Now comes the real fun: we simply loops through all XML files in the input directory and parse their contents. This is a pretty customary loop for parsing XML files. 

The loop does a couple things:
- Handles data extraction for specific forms and schedules, using mappings to populate dictionaries.
- Handles optional tags using try-except to avoid breaking the loop.
- Seperates the logic for all three form types



In [None]:


# encoding matters for later parsing
def detect_encoding(file_path):
    with open(file_path, 'rb') as f:
        raw_data = f.read()
        result = chardet.detect(raw_data)
        encoding = result['encoding']
        return encoding



for filename in os.listdir(directory):
    file_path = os.path.join(directory, filename)
    encoding = detect_encoding(file_path)
    i = i + 1

    
    with open(file_path, 'r', encoding=encoding) as file: 
        
        contents = file.read()
        print(filename)
        soup = BeautifulSoup(contents,'xml')

        # Find the various sections of the Form 990
        header = soup.find('ReturnHeader')
        filer = soup.find('Filer')
        form = soup.find('IRS990')
        form_990ez = soup.find('IRS990EZ')
        form_990pf = soup.find('AnalysisOfRevenueAndExpenses')

        # Find Schedules
        schedule_A = soup.find('IRS990ScheduleA')
        schedule_D = soup.find('IRS990ScheduleD')
        schedule_M = soup.find('IRS990ScheduleM')
        schedule_I = soup.find('IRS990ScheduleI')
        
        if schedule_I is not None:
            # Parse recipient table within Schedule I
            recipient_table = soup.find_all('RecipientTable')
        else:
            recipient_table = None

        # Find Supplemental Info
        supplemental_info = soup.find_all('SupplementalInformationDetail')

        # Find recipient table for Form 990PF
        recipient_table_pf = soup.find_all('GrantOrContributionPdDurYrGrp')
        
        # Primary keys need to be distributed to each dataset
        EIN = header.find('EIN').text
        tax_year = soup.find('TaxYr').text
        

        # Name (not a primary key) should also be distributed to each dataset
        Name = filer.find('BusinessNameLine1Txt').text

        
        # Parse header (990, 990EZ, and 990PF have same headers)    
        header_row = {}
        for variable, tag in header_mapping.items():
            header_row[variable] = header.find(tag).text
        header_data.append(header_row)
        
       
        # Parse filer information (990, 990EZ, and 990PF have same filer info) 
        filer_row = {}
        filer_row["EIN"] = EIN
        filer_row["Tax_Year"] = tax_year
        for variable, tag in filer_mapping.items():
            # State & Zip Code are sometimes missing, so assign them to optional tagging
            if variable in optional_filer_mapping:
                try: 
                    filer_row[variable] = filer.find(tag).text
                except(AttributeError, TypeError):
                    filer_row[variable] = None
            else:
                filer_row[variable] = filer.find(tag).text
        filer_data.append(filer_row)


        
        #**parsing is different based on form type**
        Form_Type = header.find('ReturnTypeCd').text
        print(Form_Type)


        # # Form 990
        if Form_Type == "990":


            
        #     # Parse IRS 990 
            form_row = {}
            form_row["EIN"] = EIN
            form_row["Name"] = Name
            form_row["Tax_Year"] = tax_year
            form_row["990_Type"] = Form_Type
            for variable, tag in form_mapping.items():
                # I am assuming all tags are optional.

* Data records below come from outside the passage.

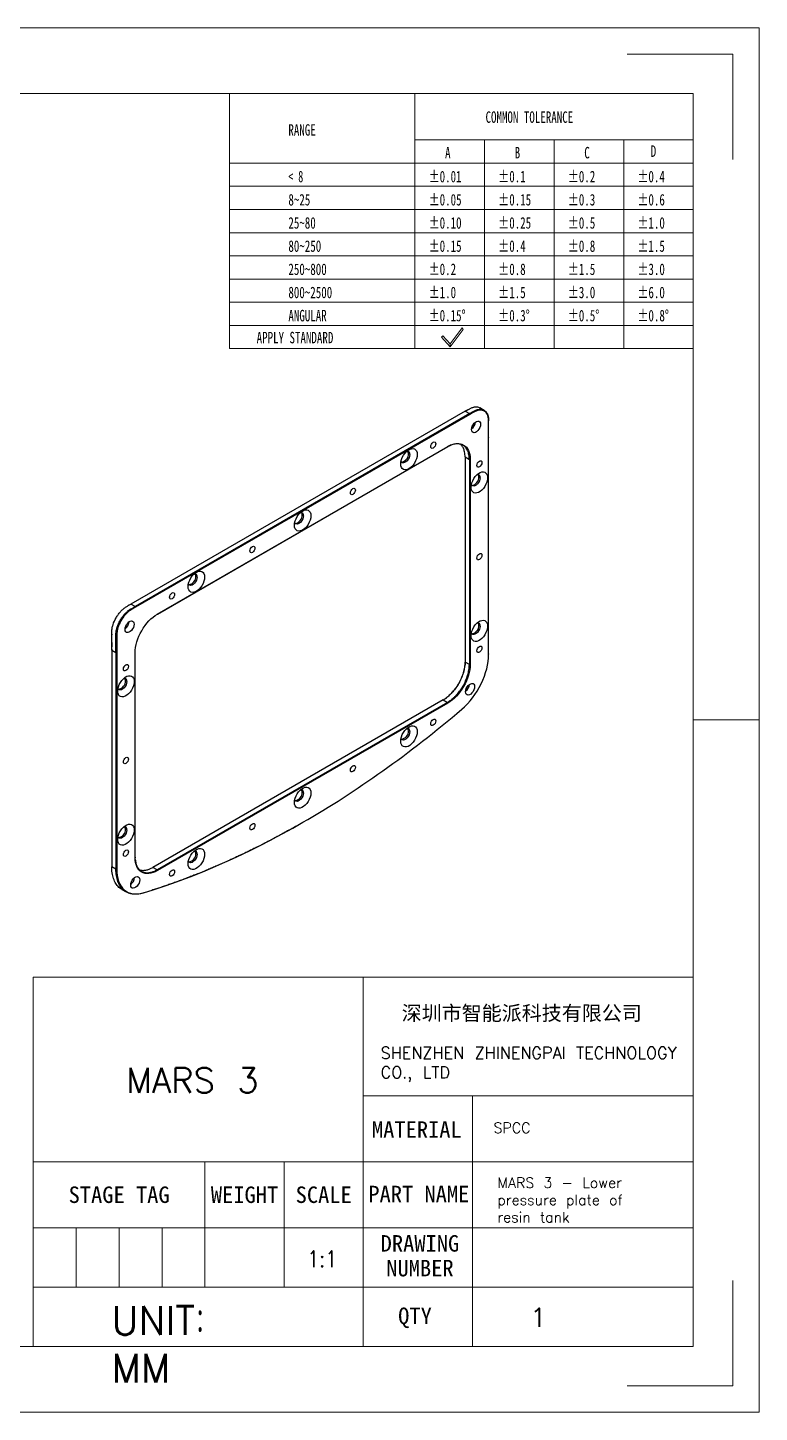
# Model space of a CAD drawing. Header units: millimetres. Extents: x 1378 to 2068, y 422 to 910.
# Drawn here: x 1810.6 to 2068, y 422.5 to 910.2 of the extents above; entities that cross this region are included whole.
import ezdxf

# ---------------------------------------------------------------- set-up
doc = ezdxf.new("R2010")
doc.units = ezdxf.units.MM
doc.layers.get('0').update_dxf_attribs({"lineweight": 18})
doc.layers.add('尺寸线层', color=3, linetype='Continuous', lineweight=18)
doc.styles.add('SLDTEXTSTYLE4', font='', dxfattribs={"width": 0.7})
doc.styles.add('SLDTEXTSTYLE5', font='', dxfattribs={"width": 0.633333})
doc.styles.get("Standard").update_dxf_attribs({"font": 'txt.shx', "bigfont": 'gbcbig.shx'})
doc.styles.add('TEXTSTYLE_2', font='')
doc.styles.add('TEXTSTYLE_3', font='')
doc.styles.get('SLDTEXTSTYLE4').set_extended_font_data('宋体')
doc.styles.get('SLDTEXTSTYLE5').set_extended_font_data('宋体')
doc.styles.get('TEXTSTYLE_2').set_extended_font_data('宋体')
doc.styles.get('TEXTSTYLE_3').set_extended_font_data('宋体')

# ---------------------------------------------------------------- blocks, each defined once
blk = doc.blocks.new('5784100')
at = {"color": 7, "linetype": 'Continuous'}
for p, q in [((-176.08, 357.89), (1160.16, 357.89)), ((1160.16, -586.92), (1160.16, 357.89)), ((1070.17, 339.89), (1142.16, 339.89)), ((1142.16, 267.91), (1142.16, 339.89)), ((-131.08, 312.9), (1115.16, 312.9)), ((1115.16, -541.93), (1115.16, 312.9)), ((1115.16, -114.51), (1160.16, -114.51)), ((1142.16, -568.92), (1142.16, -496.94)), ((-131.08, -541.93), (1115.16, -541.93)), ((1070.17, -568.92), (1142.16, -568.92)), ((-176.08, -586.92), (1160.16, -586.92))]:
    blk.add_line(p, q, dxfattribs=at)
for p, q in [((798.91, 312.9), (798.91, 138.96)), ((925.41, 312.9), (925.41, 138.96)), ((925.41, 281.27), (1115.16, 281.27)), ((972.85, 281.27), (972.85, 138.96)), ((1020.29, 281.27), (1020.29, 138.96)), ((1067.73, 281.27), (1067.73, 138.96)), ((798.91, 265.46), (1115.16, 265.46)), ((798.91, 249.65), (1115.16, 249.65)), ((798.91, 233.84), (1115.16, 233.84)), ((798.91, 218.02), (1115.16, 218.02)), ((798.91, 202.21), (1115.16, 202.21)), ((798.91, 186.4), (1115.16, 186.4)), ((798.91, 170.59), (1115.16, 170.59)), ((798.91, 154.77), (1115.16, 154.77)), ((957.54, 153.14), (949.4, 142.1)), ((949.5, 140.1), (958.18, 151.87)), ((958.18, 151.87), (957.54, 153.14)), ((944.51, 147.53), (943.57, 146.68)), ((943.57, 146.68), (949.5, 140.1)), ((949.4, 142.1), (944.51, 147.53)), ((949.5, 140.1), (949.4, 142.1)), ((949.4, 142.1), (949.5, 140.1)), ((798.91, 138.96), (1115.16, 138.96))]:
    blk.add_line(p, q)
at = {"color": 2, "linetype": 'Continuous'}
for p, q in [((665.26, -415.95), (665.26, -289.98)), ((665.26, -415.95), (665.26, -289.98)), ((665.26, -289.98), (890.21, -289.98)), ((890.21, -460.94), (890.21, -289.98)), ((890.21, -370.96), (890.21, -289.98)), ((890.21, -289.98), (1115.16, -289.98)), ((890.21, -415.95), (890.21, -289.98)), ((1115.16, -370.96), (1115.16, -289.98)), ((890.21, -370.96), (1115.16, -370.96)), ((964.55, -370.96), (964.55, -541.93)), ((1115.16, -460.94), (1115.16, -370.96)), ((665.26, -541.93), (665.26, -415.95)), ((665.26, -415.95), (890.21, -415.95)), ((665.26, -460.94), (665.26, -415.95)), ((665.26, -415.95), (782.23, -415.95)), ((782.23, -460.94), (782.23, -415.95)), ((782.23, -460.94), (782.23, -415.95)), ((782.23, -415.95), (890.21, -415.95)), ((836.22, -460.94), (836.22, -415.95)), ((890.21, -415.95), (1115.16, -415.95)), ((890.21, -460.94), (890.21, -415.95)), ((665.26, -501.44), (665.26, -460.94)), ((665.26, -460.94), (782.23, -460.94)), ((665.26, -460.94), (782.23, -460.94)), ((665.26, -460.94), (782.23, -460.94)), ((665.26, -460.94), (665.26, -501.44)), ((694.5, -460.94), (694.5, -501.44)), ((723.74, -460.94), (723.74, -501.44)), ((752.99, -460.94), (752.99, -501.44)), ((782.23, -501.44), (782.23, -460.94)), ((782.23, -501.44), (782.23, -460.94)), ((782.23, -460.94), (890.21, -460.94)), ((782.23, -460.94), (890.21, -460.94)), ((782.23, -460.94), (782.23, -501.44)), ((836.22, -501.44), (836.22, -460.94)), ((890.21, -541.93), (890.21, -460.94)), ((890.21, -460.94), (1115.16, -460.94)), ((890.21, -460.94), (1115.16, -460.94)), ((890.21, -501.44), (890.21, -460.94)), ((1115.16, -541.93), (1115.16, -460.94)), ((665.26, -541.93), (665.26, -501.44)), ((665.26, -501.44), (890.21, -501.44)), ((665.26, -501.44), (782.23, -501.44)), ((665.26, -501.44), (782.23, -501.44)), ((782.23, -501.44), (890.21, -501.44)), ((890.21, -541.93), (890.21, -501.44)), ((890.21, -501.44), (1115.16, -501.44)), ((593.27, -541.93), (665.26, -541.93)), ((665.26, -541.93), (890.21, -541.93)), ((890.21, -541.93), (1115.16, -541.93))]:
    blk.add_line(p, q, dxfattribs=at)
at = {"attachment_point": 1}
for s, insert, char_height, width, style in [('COMMON TOLERANCE', (973.53, 300.79), 7.8424, 258.1848, 'SLDTEXTSTYLE4'), ('RANGE', (839.13, 292.05), 7.842, 77.0256, 'SLDTEXTSTYLE4'), ('A', (945.95, 276.54), 7.84, 11.3307, 'SLDTEXTSTYLE4'), ('B', (993.39, 276.54), 7.84, 11.1495, 'SLDTEXTSTYLE4'), ('C', (1040.83, 276.54), 7.84, 11.2813, 'SLDTEXTSTYLE4'), ('D', (1086.16, 277.6), 7.84, 11.1495, 'SLDTEXTSTYLE4'), ('< 8', (839.13, 260.23), 7.842, 37.6388, 'SLDTEXTSTYLE5'), ('%%P0.01', (934.79, 260.23), 7.842, 54.9077, 'SLDTEXTSTYLE4'), ('%%P0.1', (982.23, 260.23), 7.842, 41.1725, 'SLDTEXTSTYLE4'), ('%%P0.2', (1029.67, 260.23), 7.842, 46.8379, 'SLDTEXTSTYLE4'), ('%%P0.4', (1077.11, 260.23), 7.842, 46.6567, 'SLDTEXTSTYLE4'), ('8~25', (839.13, 244.42), 7.842, 60.7377, 'SLDTEXTSTYLE4'), ('%%P0.05', (934.79, 244.42), 7.842, 60.573, 'SLDTEXTSTYLE4'), ('%%P0.15', (982.23, 244.42), 7.842, 57.8227, 'SLDTEXTSTYLE4'), ('%%P0.3', (1029.67, 244.42), 7.842, 46.8379, 'SLDTEXTSTYLE4'), ('%%P0.6', (1077.11, 244.42), 7.842, 46.8379, 'SLDTEXTSTYLE4'), ('25~80', (839.13, 228.61), 7.842, 74.4729, 'SLDTEXTSTYLE4'), ('%%P0.10', (934.79, 228.61), 7.842, 55.0889, 'SLDTEXTSTYLE4'), ('%%P0.25', (982.23, 228.61), 7.842, 63.3069, 'SLDTEXTSTYLE4'), ('%%P0.5', (1029.67, 228.61), 7.842, 46.8379, 'SLDTEXTSTYLE4'), ('%%P1.0', (1077.11, 228.61), 7.842, 41.3537, 'SLDTEXTSTYLE4'), ('80~250', (839.13, 212.79), 7.842, 88.2081, 'SLDTEXTSTYLE4'), ('%%P0.15', (934.79, 212.79), 7.842, 57.8227, 'SLDTEXTSTYLE4'), ('%%P0.4', (982.23, 212.79), 7.842, 46.6567, 'SLDTEXTSTYLE4'), ('%%P0.8', (1029.67, 212.79), 7.842, 46.8379, 'SLDTEXTSTYLE4'), ('%%P1.5', (1077.11, 212.79), 7.842, 44.0876, 'SLDTEXTSTYLE4'), ('250~800', (839.13, 196.98), 7.842, 101.9432, 'SLDTEXTSTYLE4'), ('%%P0.2', (934.79, 196.98), 7.842, 46.8379, 'SLDTEXTSTYLE4'), ('%%P0.8', (982.23, 196.98), 7.842, 46.8379, 'SLDTEXTSTYLE4'), ('%%P1.5', (1029.67, 196.98), 7.842, 44.0876, 'SLDTEXTSTYLE4'), ('%%P3.0', (1077.11, 196.98), 7.842, 46.8379, 'SLDTEXTSTYLE4'), ('800~2500', (839.13, 181.17), 7.842, 115.6784, 'SLDTEXTSTYLE4'), ('%%P1.0', (934.79, 181.17), 7.842, 41.3537, 'SLDTEXTSTYLE4'), ('%%P1.5', (982.23, 181.17), 7.842, 44.0876, 'SLDTEXTSTYLE4'), ('%%P3.0', (1029.67, 181.17), 7.842, 46.8379, 'SLDTEXTSTYLE4'), ('%%P6.0', (1077.11, 181.17), 7.842, 46.8379, 'SLDTEXTSTYLE4'), ('ANGULAR', (839.13, 165.36), 7.842, 110.1448, 'SLDTEXTSTYLE4'), ('%%P0.15%%D', (934.79, 165.36), 7.842, 68.8734, 'SLDTEXTSTYLE4'), ('%%P0.3%%D', (982.23, 165.36), 7.842, 57.8886, 'SLDTEXTSTYLE4'), ('%%P0.5%%D', (1029.67, 165.36), 7.842, 57.8886, 'SLDTEXTSTYLE4'), ('%%P0.8%%D', (1077.11, 165.36), 7.842, 57.8886, 'SLDTEXTSTYLE4'), ('APPLY STANDARD', (817.5, 150.35), 7.8424, 225.4279, 'SLDTEXTSTYLE4')]:
    blk.add_mtext(s, dxfattribs=dict(at, insert=insert, char_height=char_height, width=width, style=style))
at = {"color": 7, "linetype": 'Continuous', "insert": (998.23, -309.52), "char_height": 10, "width": 237.2569, "attachment_point": 2, "style": 'TEXTSTYLE_2'}
blk.add_mtext('深圳市智能派科技有限公司', dxfattribs=at)
at = {"color": 7, "linetype": 'Continuous', "attachment_point": 2, "line_spacing_factor": 0.9, "style": 'TEXTSTYLE_3'}
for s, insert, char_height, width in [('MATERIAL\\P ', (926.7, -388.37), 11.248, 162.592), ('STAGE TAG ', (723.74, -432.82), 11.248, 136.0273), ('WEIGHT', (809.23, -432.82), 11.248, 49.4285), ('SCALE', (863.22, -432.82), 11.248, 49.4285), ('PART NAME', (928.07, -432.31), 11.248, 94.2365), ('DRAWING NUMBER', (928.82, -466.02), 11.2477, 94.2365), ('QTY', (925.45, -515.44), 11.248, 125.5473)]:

If tag not found, this implies they don't have info.
                try: 
                    form_row[variable] = form.find(tag).text
                except(AttributeError, TypeError):
                    form_row[variable] = None

            
            # # Parse deep tags of 990
            for variable, mapping_info in deep_form_990_mapping.items():
                try:
                    tag = form.find(mapping_info['tag_name'])
                    subtag = tag.find(mapping_info['subtag_name']).text
                    form_row[variable] = subtag
                except(AttributeError, TypeError):
                    form_row[variable] = None
            form_data.append(form_row)
        
            # Parse Schedule A
            schedule_A_row = {}
            schedule_A_row["EIN"] = EIN
            schedule_A_row["Name"] = Name
            schedule_A_row["Tax_Year"] = tax_year
            schedule_A_row["990_Type"] = Form_Type
            for variable, tag in schedule_A_mapping.items():
                # I am assuming all tags are optional. If tag not found, this implies they don't have info.
                try: 
                    schedule_A_row[variable] = schedule_A.find(tag).text
                except(AttributeError, TypeError):
                    schedule_A_row[variable] = None
            schedule_A_data.append(schedule_A_row)
            

            # # Parse Schedule D
            schedule_D_row = {}
            schedule_D_row["EIN"] = EIN
            schedule_D_row["Name"] = Name
            schedule_D_row["Tax_Year"] = tax_year
            schedule_D_row["990_Type"] = Form_Type
            for variable, tag in schedule_D_mapping.items():
                # I am assuming all tags are optional. If tag not found, this implies they don't have info.
                try: 
                    schedule_D_row[variable] = schedule_D.find(tag).text
                except(AttributeError, TypeError):
                    schedule_D_row[variable] = None

            # # Parse deep tags of Schedule D
            for variable, mapping_info in deep_schedule_D_mapping.items():
                try:
                    tag = schedule_D.find(mapping_info['tag_name'])
                    subtag = tag.find(mapping_info['subtag_name']).text
                    schedule_D_row[variable] = subtag
                except(AttributeError, TypeError):
                    schedule_D_row[variable] = None
            schedule_D_data.append(schedule_D_row)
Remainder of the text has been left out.